(Items listed in a dataset)
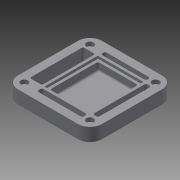
# Autodesk Inventor part: new IC holder
Saved by Autodesk Inventor 2015 (Build 190159000, 159)
## iProperties
Created: 2014-12-11
Part Number: new IC holder
Material: Generic
Document SubType Name: Modeling
Designer: Purple
Density: 1 g/cm^3
Appearance: Default
Author: Purple
Autodesk Inventor part; units mm, degrees
ref_plane "YZ Plane" through (0, 0, 0) normal (1, 0, 0) x (0, 1, 0)
ref_plane "XZ Plane" through (0, 0, 0) normal (0, 1, 0) x (-1, 0, 0)
sketch "Sketch1" plane through (0, 0, 0) normal (0, 1, 0) x (-1, 0, 0)
  line L0 (30, 30) -> (-30, 30)
  line L1 (-30, 30) -> (-30, -30)
  line L2 (-30, -30) -> (30, -30)
  line L3 (30, -30) -> (30, 30)
  line L4 (30, 30) -> (-30, -30) construction
  line L5 (-30, 30) -> (30, -30) construction
  point P0 (0, 0)
  dimension "d0" = 60
  dimension "d1" = 60
  constraints: 12 end point, 2 midpoint, 2 parallel, 1 horizontal, 1 perpendicular
  measures "d0" distance of L2.end L1.end
  measures "d1" distance of L0.end L1.end
extrude "Extrusion1" add sketch "Sketch1" along normal blind 10
fillet "Fillet1" radius 7 4 edges at (30, 5, 30) (30, 5, -30) (-30, 5, 30) (-30, 5, -30)
sketch "Sketch2" plane through (0, 10, 0) normal (0, 1, 0) x (1, 0, 0)
  line L0 (-30, 30) -> (30, 30)
  line L1 (30, 30) -> (30, -30)
  line L2 (30, -30) -> (-30, -30)
  line L3 (-30, -30) -> (-30, 30)
  line L4 (-30, 30) -> (30, -30) construction
  line L5 (30, 30) -> (-30, -30) construction
  line L6 (25, -25) -> (25, 25)
  line L7 (25, 25) -> (-25, 25)
  line L8 (-25, 25) -> (-25, -25)
  line L9 (-25, -25) -> (25, -25)
  circle A0 centre (25, -25) radius 2.75
  circle A1 centre (-25, -25) radius 2.75
  circle A2 centre (25, 25) radius 2.75
  circle A3 centre (-25, 25) radius 2.75
  point P0 (0, 0)
  dimension "d5" = 5
  dimension "d6" = 5.5
  dimension "d7" = 5.5
  dimension "d8" = 5.5
  dimension "d9" = 5.5
  constraints: 20 end point, 4 centre point, 4 coincident, 4 parallel, 2 midpoint, 2 perpendicular, 1 horizontal, 3 other
  measures "d5" distance between parallel lines of L1 L6
  measures "d6" diameter of A0
  measures "d7" diameter of A1
  measures "d8" diameter of A2
  measures "d9" diameter of A3
extrude "Extrusion2" cut sketch "Sketch2" against normal blind 3 contours L9 A0 L6 | L6 A0 L9 | A2 L7 L6 | L6 L7 A2 | A1 L8 L9 | L9 L8 A1 | A3 L8 L7 | L7 L8 A3
sketch "Sketch3" plane through (0, 10, 0) normal (0, 1, 0) x (1, 0, 0)
  line L0 (-30, 30) -> (30, 30)
  line L1 (30, 30) -> (30, -30)
  line L2 (30, -30) -> (-30, -30)
  line L3 (-30, -30) -> (-30, 30)
  line L4 (-30, 30) -> (30, -30) construction
  line L5 (30, 30) -> (-30, -30) construction
  line L6 (20, -20) -> (20, 20.65)
  line L7 (-20, -20) -> (20, -20)
  line L8 (18, 18.65) -> (18, -18)
  line L9 (-20, 20.65) -> (20.65, 20.65)
  line L10 (18, 18.65) -> (18.65, 18.65)
  line L11 (-12.6, -18) -> (-12.6, 18.65)
  line L12 (-14.6, -20) -> (-14.6, 20.65)
  line L13 (18, 18.65) -> (-12.6, 18.65)
  line L14 (18, -18) -> (-12.6, -18)
  line L15 (-26, 20.65) -> (-20, 20.65)
  line L16 (-26, 20.65) -> (-26, -20)
  line L17 (-26, -20) -> (-20, -20)
  point P0 (0, 0)
  point P1 (-12.6, -20)
  dimension "d12" = 60
  dimension "d13" = 60
  dimension "d14" = 10
  dimension "d16" = 34.6
  dimension "d17" = 2
  dimension "d18" = 40.65
  dimension "d22" = 4
  dimension "d23" = 4
  constraints: 36 end point, 5 point on line, 4 perpendicular, 2 horizontal, 2 midpoint, 2 parallel, 1 collinear
  measures "d12" distance of L1.end L2.end
  measures "d13" distance of L0.end L1.end
  measures "d14" distance between parallel lines of L1 L6
  measures "d16" distance of L6.start L12.start
  measures "d17" distance of L12.start point (-12.6, -20)
  measures "d18" distance of L6.end L6.start
  measures "d22" distance from line of L3 L15.start
  measures "d23" distance from line of L3 L16.end
extrude "Extrusion3" cut sketch "Sketch3" against normal blind 2 contours L7 L12 L9 L6
sketch "Sketch4" plane through (0, 10, 0) normal (0, 1, 0) x (1, 0, 0)
  line L0 (-12.6, 18.65) -> (18, 18.65)
  line L1 (18, 18.65) -> (18, -18)
  line L2 (18, -18) -> (-12.6, -18)
  line L3 (-12.6, -18) -> (-12.6, 18.65)
  point P0 (0, 0)
  constraints: 8 end point, 2 parallel, 1 horizontal, 1 perpendicular
extrude "Extrusion4" cut sketch "Sketch4" against normal blind 8
sketch "Sketch5" plane through (0, 10, 0) normal (0, 1, 0) x (1, 0, 0)
  line L0 (20, -20) -> (-14.6, -20)
  line L1 (-14.6, -20) -> (-14.6, 20.65)
  line L2 (-30, 23) -> (-30, -23) projected
  line L3 (-23, -30) -> (23, -30) projected
  line L4 (30, -23) -> (30, 23) projected
  line L5 (-26, 20.65) -> (-14.6, 20.65)
  line L6 (-26, -20) -> (-14.6, -20)
  line L7 (-26, 20.65) -> (-26, -20)
  line L8 (-14.6, -26) -> (-14.6, -20)
  line L9 (-14.6, -20) -> (-14.6, -26)
  line L10 (20, -26) -> (-14.6, -26)
  line L11 (20, -20) -> (20, -26)
  line L12 (26, -20) -> (20, -20)
  line L13 (26, 20.65) -> (20, 20.65)
  line L14 (30, -23) -> (30, 23) projected
  line L15 (26, 20.65) -> (26, -20)
  line L16 (23, 30) -> (-23, 30) projected
  line L17 (-14.6, 26) -> (-14.6, 20.65)
  line L18 (-14.6, 26) -> (20, 26)
  line L19 (20, 26) -> (20, 20.65)
  line L20 (-16.6, -20) -> (-16.6, 20.65)
  line L21 (20, -22) -> (-14.6, -22)
  line L22 (22, 20.65) -> (22, -20)
  line L23 (-14.6, 22.65) -> (18.1816, 22.65)
  line L24 (18.1816, 22.65) -> (20, 22.65)
  point P0 (0, 0)
  dimension "d28" = 4
  dimension "d29" = 4
  dimension "d30" = 4
  dimension "d31" = 4
  dimension "d32" = 4
  dimension "d33" = 4
  dimension "d36" = 4
  dimension "d37" = 4
  dimension "d38" = 2
  dimension "d39" = 2
  constraints: 40 end point, 8 point on line, 6 perpendicular, 4 equal length, 2 horizontal, 1 vertical
  measures "d28" distance from line of L2 L5.start
  measures "d29" distance from line of L2 L6.start
  measures "d30" distance from line of L3 L8.start
  measures "d31" distance from line of L3 L10.start
  measures "d32" distance from line of L4 L12.start
  measures "d33" distance from line of L4 L13.start
  measures "d36" distance from line of L17.start L16
  measures "d37" distance from line of L18.end L16
  measures "d38" distance between parallel lines of L1 L20
  measures "d39" distance between parallel lines of L0 L21
extrude "Extrusion5" cut sketch "Sketch5" against normal through all contours L11 L10 L8 L21 | L22 L13 L15 L12 | L6 L7 L5 L20 | L17 L18 L19 L24 L23
fillet "Fillet2" radius 1.5 24 edges at (-16.6, 5, -20.65) (20, 5, -26) (26, 5, -20.65) (20, 5, 22) (-14.6, 5, -26) (-26, 5, -20.65) (22, 5, -20.65) (-14.6, 5, 22) (-26, 5, 20) (-14.6, 5, -22.65) (-14.6, 5, 26) (-16.6, 5, 20) (20, 5, 26) (26, 5, 20) (18, 2, -0.325) (2.7, 2, 18) (-12.6, 2, -0.325) (2.7, 2, -18.65) (-12.6, 5, -18.65) (18, 5, -18.65) (18, 5, 18) (-12.6, 5, 18) (22, 5, 20) (20, 5, -22.65)
sketch "Sketch6" plane through (-12.6, 3.5, 16.5) normal (1, 0, 0) x (0, 0, -1)
  point P0 (16.5, -3.5)
ref_plane "Work Plane1" through (0, 5, 0) normal (0, 1, 0) x (1, 0, 0)
mirror "Mirror1" about plane through (0, 5, 0) normal (0, 1, 0) of "Extrusion2"
sketch "Sketch7" plane through (0, 10, 0) normal (0, 1, 0) x (1, 0, 0)
  line L0 (-23, 30) -> (23, 30)
  line L1 (30, 23) -> (30, -23)
  line L2 (23, -30) -> (-23, -30)
  line L3 (-30, -23) -> (-30, 23)
  line L4 (-30, 30) -> (30, -30) construction
  line L5 (30, 30) -> (-30, -30) construction
  arc A0 (30, 23) -> (23, 30) centre (23, 23) ccw
  arc A1 (-23, 30) -> (-30, 23) centre (-23, 23) ccw
  arc A2 (-30, -23) -> (-23, -30) centre (-23, -23) ccw
  arc A3 (23, -30) -> (30, -23) centre (23, -23) ccw
  line L6 (32, -23) -> (32, 23)
  arc A4 (32, 23) -> (23, 32) centre (23, 23) ccw
  line L7 (23, 32) -> (-23, 32)
  arc A5 (-23, 32) -> (-32, 23) centre (-23, 23) ccw
  line L8 (-32, 23) -> (-32, -23)
  arc A6 (-32, -23) -> (-23, -32) centre (-23, -23) ccw
  line L9 (-23, -32) -> (23, -32)
  arc A7 (23, -32) -> (32, -23) centre (23, -23) ccw
  point P0 (0, 0)
  dimension "d45" = 60
  dimension "d46" = 60
  dimension "d47" = 7
  dimension "d48" = 2
  constraints: 20 end point, 16 point on circle, 8 centre point, 8 point on line, 8 tangent, 4 parallel, 3 equal radius, 2 midpoint, 2 perpendicular, 1 horizontal, 7 other
  measures "d45" distance of L4.end L5.end
  measures "d46" distance of L5.start L4.end
  measures "d47" radius of A0
  measures "d48" distance between parallel lines of L1 L6
extrude "Extrusion6" add sketch "Sketch7" against normal blind 10
body "Solid1"

**Task details:**
Where a line of the records above holds the word "other", copy that line.

**Solution below:**
  constraints: 20 end point, 4 centre point, 4 coincident, 4 parallel, 2 midpoint, 2 perpendicular, 1 horizontal, 3 other
  constraints: 20 end point, 16 point on circle, 8 centre point, 8 point on line, 8 tangent, 4 parallel, 3 equal radius, 2 midpoint, 2 perpendicular, 1 horizontal, 7 other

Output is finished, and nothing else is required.